• [AIM OF THE EXERCISE] Quote exactly and only this range of lines in the data below: the line that holds "(2883.4, 557.6)], dxfattribs=at)" to the line that holds "blk = doc.blocks.new('*U91')", both included.

• [RECORDED DATA]
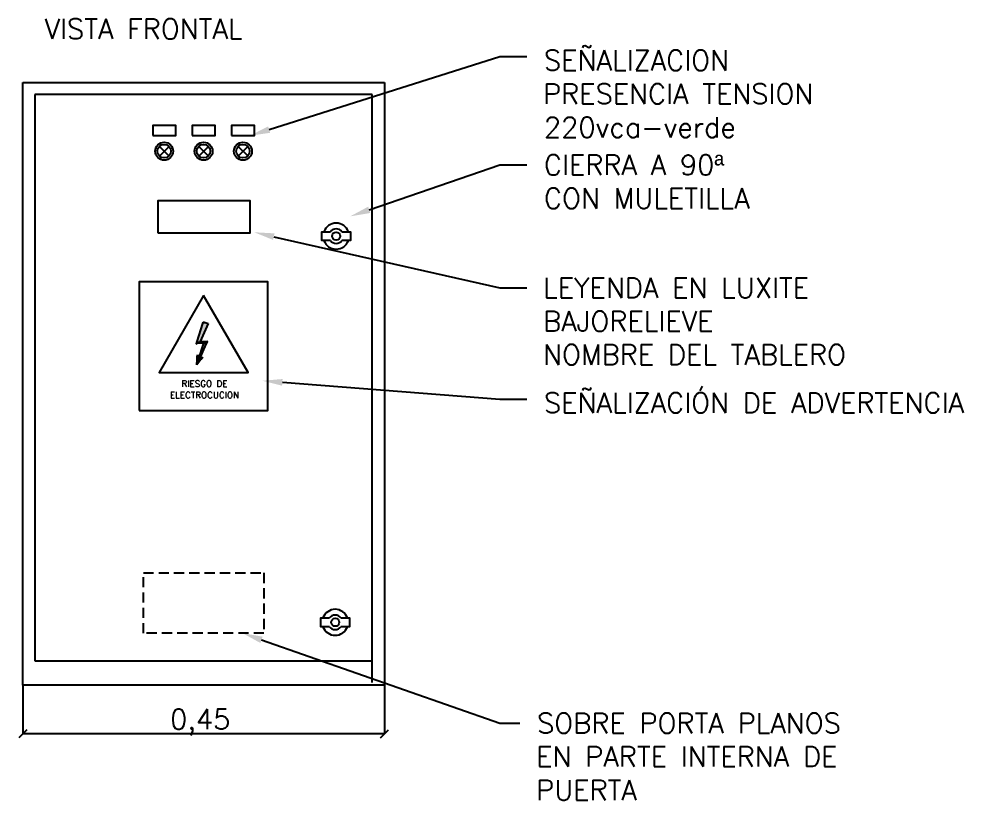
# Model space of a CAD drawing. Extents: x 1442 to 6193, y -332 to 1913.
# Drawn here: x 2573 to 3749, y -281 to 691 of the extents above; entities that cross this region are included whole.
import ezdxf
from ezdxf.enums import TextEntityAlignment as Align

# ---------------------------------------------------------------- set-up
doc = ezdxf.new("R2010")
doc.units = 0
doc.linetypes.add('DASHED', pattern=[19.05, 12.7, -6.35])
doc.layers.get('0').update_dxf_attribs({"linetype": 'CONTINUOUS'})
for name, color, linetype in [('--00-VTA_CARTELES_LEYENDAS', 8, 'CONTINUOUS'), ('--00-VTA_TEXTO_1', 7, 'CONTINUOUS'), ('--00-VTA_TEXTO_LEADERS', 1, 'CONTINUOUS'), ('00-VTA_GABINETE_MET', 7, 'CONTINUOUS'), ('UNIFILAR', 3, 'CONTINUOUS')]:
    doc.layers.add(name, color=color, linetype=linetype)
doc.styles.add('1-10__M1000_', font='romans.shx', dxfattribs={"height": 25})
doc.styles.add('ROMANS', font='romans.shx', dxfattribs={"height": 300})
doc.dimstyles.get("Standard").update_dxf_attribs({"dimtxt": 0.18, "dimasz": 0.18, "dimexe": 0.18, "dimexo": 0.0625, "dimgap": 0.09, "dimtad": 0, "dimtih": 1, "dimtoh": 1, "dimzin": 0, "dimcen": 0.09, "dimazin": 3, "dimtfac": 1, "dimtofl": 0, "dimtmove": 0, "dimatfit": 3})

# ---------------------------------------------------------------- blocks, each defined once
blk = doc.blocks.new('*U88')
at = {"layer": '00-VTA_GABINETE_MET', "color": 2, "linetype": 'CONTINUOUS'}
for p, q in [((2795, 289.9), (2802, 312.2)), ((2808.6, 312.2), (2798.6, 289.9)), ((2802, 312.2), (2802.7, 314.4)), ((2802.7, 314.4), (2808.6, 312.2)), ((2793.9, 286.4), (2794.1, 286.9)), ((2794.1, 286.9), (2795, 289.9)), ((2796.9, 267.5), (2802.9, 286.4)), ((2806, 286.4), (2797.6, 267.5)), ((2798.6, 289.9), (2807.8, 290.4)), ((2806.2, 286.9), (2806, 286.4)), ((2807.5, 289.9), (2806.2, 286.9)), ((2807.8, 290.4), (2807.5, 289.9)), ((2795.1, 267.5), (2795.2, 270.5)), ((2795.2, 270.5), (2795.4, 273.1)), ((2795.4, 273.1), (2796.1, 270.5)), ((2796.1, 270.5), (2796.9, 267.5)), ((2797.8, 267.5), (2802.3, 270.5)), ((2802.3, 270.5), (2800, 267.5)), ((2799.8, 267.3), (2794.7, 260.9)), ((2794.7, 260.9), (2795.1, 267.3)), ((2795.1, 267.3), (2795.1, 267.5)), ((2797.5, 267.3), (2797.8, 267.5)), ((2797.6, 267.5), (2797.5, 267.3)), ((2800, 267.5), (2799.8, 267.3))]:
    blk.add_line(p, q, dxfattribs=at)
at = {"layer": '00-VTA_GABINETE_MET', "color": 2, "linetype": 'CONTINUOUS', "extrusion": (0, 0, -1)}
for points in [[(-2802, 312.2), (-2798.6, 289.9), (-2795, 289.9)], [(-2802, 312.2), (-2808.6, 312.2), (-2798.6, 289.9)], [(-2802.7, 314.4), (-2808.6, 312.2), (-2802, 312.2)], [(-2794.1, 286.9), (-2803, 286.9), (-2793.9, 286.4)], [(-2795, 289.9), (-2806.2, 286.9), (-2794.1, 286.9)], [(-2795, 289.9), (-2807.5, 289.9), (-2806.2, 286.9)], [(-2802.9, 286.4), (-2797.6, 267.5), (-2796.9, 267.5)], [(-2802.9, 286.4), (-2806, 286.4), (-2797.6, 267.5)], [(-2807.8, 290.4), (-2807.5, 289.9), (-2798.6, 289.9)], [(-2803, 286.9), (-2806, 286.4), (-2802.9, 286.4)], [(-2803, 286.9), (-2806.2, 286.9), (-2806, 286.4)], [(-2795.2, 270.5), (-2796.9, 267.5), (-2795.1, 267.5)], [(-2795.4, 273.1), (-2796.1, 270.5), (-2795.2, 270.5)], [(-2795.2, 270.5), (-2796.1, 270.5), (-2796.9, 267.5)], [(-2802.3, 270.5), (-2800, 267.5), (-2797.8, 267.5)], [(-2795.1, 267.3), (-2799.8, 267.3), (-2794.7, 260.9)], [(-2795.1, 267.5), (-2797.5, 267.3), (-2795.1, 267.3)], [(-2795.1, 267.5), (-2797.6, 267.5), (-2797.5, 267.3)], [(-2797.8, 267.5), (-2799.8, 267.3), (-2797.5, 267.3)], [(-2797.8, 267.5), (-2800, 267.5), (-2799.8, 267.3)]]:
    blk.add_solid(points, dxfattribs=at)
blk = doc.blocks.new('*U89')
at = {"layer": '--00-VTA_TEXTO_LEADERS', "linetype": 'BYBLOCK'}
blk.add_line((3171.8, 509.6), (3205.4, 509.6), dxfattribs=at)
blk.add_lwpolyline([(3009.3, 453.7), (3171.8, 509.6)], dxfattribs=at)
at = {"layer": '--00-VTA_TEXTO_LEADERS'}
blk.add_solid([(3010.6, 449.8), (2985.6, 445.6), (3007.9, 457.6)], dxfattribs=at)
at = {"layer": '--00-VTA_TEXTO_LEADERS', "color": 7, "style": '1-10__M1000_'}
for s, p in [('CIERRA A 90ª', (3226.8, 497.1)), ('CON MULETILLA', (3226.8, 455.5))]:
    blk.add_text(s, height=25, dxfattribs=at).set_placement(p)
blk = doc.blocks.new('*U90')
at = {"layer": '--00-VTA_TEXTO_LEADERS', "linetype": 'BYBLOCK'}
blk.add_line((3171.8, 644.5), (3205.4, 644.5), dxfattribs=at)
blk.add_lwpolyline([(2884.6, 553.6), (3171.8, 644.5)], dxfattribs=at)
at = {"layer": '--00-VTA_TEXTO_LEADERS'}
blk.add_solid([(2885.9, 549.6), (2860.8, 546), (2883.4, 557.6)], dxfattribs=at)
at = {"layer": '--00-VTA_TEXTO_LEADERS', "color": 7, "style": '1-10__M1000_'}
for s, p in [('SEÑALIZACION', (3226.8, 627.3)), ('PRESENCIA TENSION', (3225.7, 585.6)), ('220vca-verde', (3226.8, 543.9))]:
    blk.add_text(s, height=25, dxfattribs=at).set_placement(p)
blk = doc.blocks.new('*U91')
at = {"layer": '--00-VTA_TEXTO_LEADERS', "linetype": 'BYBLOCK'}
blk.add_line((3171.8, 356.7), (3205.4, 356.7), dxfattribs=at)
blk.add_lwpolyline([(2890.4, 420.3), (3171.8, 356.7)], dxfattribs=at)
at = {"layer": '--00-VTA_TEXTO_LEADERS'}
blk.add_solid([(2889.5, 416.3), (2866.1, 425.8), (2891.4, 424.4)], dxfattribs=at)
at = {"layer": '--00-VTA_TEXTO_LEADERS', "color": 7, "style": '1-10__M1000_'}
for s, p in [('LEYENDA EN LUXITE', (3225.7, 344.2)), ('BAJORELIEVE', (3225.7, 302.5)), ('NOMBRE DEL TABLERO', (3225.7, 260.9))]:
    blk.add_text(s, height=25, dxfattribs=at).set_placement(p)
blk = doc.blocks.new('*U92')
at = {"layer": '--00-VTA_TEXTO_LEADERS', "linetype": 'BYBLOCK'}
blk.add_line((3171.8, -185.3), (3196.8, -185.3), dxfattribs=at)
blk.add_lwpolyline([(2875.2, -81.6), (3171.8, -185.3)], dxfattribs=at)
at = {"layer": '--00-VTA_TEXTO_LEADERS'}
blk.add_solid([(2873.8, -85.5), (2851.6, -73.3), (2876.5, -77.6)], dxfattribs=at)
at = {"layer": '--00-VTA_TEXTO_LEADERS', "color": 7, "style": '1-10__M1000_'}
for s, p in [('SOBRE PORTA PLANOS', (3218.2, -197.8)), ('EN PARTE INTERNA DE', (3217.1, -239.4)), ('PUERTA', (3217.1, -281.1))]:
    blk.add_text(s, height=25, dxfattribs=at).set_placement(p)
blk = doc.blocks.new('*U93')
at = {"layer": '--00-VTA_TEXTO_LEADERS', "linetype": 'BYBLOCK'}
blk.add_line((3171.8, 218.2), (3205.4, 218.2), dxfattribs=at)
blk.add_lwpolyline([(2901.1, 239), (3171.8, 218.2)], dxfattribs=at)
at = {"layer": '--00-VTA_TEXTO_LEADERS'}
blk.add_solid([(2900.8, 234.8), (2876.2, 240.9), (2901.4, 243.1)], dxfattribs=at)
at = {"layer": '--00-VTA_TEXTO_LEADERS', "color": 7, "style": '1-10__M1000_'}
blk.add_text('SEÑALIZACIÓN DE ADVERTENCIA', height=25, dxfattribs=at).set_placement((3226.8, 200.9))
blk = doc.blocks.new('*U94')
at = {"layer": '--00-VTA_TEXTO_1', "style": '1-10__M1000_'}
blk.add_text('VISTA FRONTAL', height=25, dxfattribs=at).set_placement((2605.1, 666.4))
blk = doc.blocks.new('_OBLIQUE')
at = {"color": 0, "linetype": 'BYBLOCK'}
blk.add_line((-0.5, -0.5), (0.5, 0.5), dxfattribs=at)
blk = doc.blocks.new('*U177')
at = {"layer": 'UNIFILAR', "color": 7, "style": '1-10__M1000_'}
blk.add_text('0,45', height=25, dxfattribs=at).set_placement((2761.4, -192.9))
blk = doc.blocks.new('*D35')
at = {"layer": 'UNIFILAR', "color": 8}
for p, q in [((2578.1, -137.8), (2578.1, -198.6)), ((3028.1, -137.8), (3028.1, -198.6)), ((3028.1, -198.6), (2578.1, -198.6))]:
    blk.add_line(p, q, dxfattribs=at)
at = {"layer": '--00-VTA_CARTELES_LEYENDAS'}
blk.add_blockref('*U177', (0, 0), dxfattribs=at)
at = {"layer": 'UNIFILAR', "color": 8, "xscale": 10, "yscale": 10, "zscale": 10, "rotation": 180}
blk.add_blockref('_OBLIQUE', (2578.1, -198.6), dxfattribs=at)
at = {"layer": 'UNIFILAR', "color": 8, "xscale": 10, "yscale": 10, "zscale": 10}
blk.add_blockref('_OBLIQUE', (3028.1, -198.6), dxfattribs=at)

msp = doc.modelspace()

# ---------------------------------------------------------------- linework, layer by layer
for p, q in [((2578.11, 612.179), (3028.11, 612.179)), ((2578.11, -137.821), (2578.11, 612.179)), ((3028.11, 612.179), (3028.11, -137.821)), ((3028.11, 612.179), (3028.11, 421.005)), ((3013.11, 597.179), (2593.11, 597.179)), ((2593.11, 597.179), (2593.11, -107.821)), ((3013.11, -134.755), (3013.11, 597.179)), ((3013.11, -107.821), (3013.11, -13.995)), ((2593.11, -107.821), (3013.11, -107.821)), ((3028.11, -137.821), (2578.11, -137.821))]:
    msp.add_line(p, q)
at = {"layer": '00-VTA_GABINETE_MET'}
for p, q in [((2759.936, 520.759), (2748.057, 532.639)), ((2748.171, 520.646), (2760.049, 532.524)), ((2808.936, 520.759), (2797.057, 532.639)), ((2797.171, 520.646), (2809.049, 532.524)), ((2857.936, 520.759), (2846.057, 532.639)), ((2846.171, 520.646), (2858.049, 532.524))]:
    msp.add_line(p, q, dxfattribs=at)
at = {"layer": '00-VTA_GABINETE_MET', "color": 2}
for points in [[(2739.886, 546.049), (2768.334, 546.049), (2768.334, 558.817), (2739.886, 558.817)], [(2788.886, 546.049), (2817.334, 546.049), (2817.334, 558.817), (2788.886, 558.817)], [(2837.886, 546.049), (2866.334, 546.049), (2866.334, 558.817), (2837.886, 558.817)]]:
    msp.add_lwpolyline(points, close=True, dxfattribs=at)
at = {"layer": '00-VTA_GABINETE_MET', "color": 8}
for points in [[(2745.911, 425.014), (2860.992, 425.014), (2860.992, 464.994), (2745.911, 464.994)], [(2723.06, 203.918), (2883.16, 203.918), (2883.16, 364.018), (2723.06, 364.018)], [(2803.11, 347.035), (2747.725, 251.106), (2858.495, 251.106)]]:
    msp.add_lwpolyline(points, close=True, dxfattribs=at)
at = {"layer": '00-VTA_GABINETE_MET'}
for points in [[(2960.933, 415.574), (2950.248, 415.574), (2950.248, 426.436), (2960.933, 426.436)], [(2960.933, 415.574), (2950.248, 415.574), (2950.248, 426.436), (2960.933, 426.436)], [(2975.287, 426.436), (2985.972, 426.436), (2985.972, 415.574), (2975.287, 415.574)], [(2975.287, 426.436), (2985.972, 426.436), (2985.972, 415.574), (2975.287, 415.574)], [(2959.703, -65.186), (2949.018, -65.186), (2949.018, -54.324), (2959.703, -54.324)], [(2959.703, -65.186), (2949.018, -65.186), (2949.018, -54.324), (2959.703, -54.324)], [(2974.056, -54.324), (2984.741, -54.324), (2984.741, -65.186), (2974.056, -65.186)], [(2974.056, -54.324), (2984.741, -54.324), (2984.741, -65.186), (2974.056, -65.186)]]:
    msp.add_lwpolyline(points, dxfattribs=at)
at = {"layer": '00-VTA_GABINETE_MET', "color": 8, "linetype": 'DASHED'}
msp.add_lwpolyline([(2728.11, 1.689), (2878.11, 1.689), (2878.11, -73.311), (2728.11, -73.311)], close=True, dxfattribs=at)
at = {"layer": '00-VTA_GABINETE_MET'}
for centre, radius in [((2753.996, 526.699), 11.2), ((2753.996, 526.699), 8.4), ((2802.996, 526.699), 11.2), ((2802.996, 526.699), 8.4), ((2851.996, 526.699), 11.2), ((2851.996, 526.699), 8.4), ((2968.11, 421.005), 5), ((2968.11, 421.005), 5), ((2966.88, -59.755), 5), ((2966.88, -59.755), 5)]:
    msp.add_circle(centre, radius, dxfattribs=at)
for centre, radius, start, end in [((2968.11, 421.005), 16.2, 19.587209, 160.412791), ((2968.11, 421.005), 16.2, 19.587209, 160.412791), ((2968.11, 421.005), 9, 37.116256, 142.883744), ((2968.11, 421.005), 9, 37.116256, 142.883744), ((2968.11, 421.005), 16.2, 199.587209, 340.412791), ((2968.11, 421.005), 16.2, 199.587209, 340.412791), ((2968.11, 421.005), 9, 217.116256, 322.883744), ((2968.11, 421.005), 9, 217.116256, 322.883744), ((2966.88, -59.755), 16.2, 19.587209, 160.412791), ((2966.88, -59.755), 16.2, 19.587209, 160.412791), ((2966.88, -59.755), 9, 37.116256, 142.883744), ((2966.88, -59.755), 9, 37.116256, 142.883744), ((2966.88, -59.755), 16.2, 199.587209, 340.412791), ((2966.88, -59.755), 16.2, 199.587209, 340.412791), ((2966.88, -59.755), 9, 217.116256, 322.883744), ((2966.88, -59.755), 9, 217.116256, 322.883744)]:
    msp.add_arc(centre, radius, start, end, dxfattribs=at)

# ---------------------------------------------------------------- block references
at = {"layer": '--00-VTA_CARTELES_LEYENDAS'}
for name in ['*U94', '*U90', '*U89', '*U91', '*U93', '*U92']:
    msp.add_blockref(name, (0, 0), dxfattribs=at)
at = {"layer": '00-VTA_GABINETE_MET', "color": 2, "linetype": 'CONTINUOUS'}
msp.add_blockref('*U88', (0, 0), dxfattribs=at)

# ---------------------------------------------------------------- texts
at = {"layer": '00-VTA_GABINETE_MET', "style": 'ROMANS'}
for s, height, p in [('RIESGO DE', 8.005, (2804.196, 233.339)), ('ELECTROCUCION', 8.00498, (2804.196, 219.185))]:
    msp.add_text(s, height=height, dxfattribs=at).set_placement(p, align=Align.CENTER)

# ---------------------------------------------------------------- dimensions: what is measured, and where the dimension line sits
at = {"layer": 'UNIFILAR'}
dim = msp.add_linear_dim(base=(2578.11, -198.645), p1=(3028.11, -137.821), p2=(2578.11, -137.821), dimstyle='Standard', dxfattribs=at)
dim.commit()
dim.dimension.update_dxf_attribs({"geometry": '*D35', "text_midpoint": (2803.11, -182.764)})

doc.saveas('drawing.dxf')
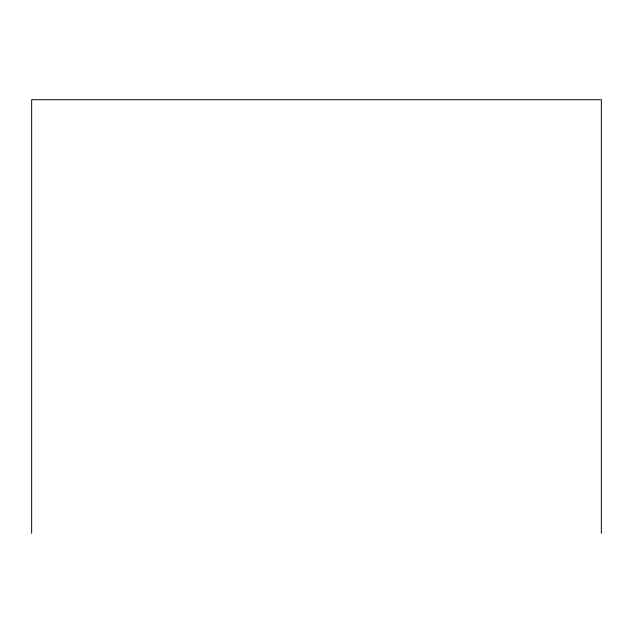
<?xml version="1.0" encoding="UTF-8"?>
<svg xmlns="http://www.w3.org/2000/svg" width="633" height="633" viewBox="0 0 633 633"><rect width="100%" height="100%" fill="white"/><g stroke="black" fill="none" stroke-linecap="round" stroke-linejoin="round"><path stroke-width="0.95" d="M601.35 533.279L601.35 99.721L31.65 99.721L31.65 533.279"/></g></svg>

• [RESPONSE BELOW]
blk.add_solid([(2885.9, 549.6), (2860.8, 546), (2883.4, 557.6)], dxfattribs=at)
at = {"layer": '--00-VTA_TEXTO_LEADERS', "color": 7, "style": '1-10__M1000_'}
for s, p in [('SEÑALIZACION', (3226.8, 627.3)), ('PRESENCIA TENSION', (3225.7, 585.6)), ('220vca-verde', (3226.8, 543.9))]:
    blk.add_text(s, height=25, dxfattribs=at).set_placement(p)
blk = doc.blocks.new('*U91')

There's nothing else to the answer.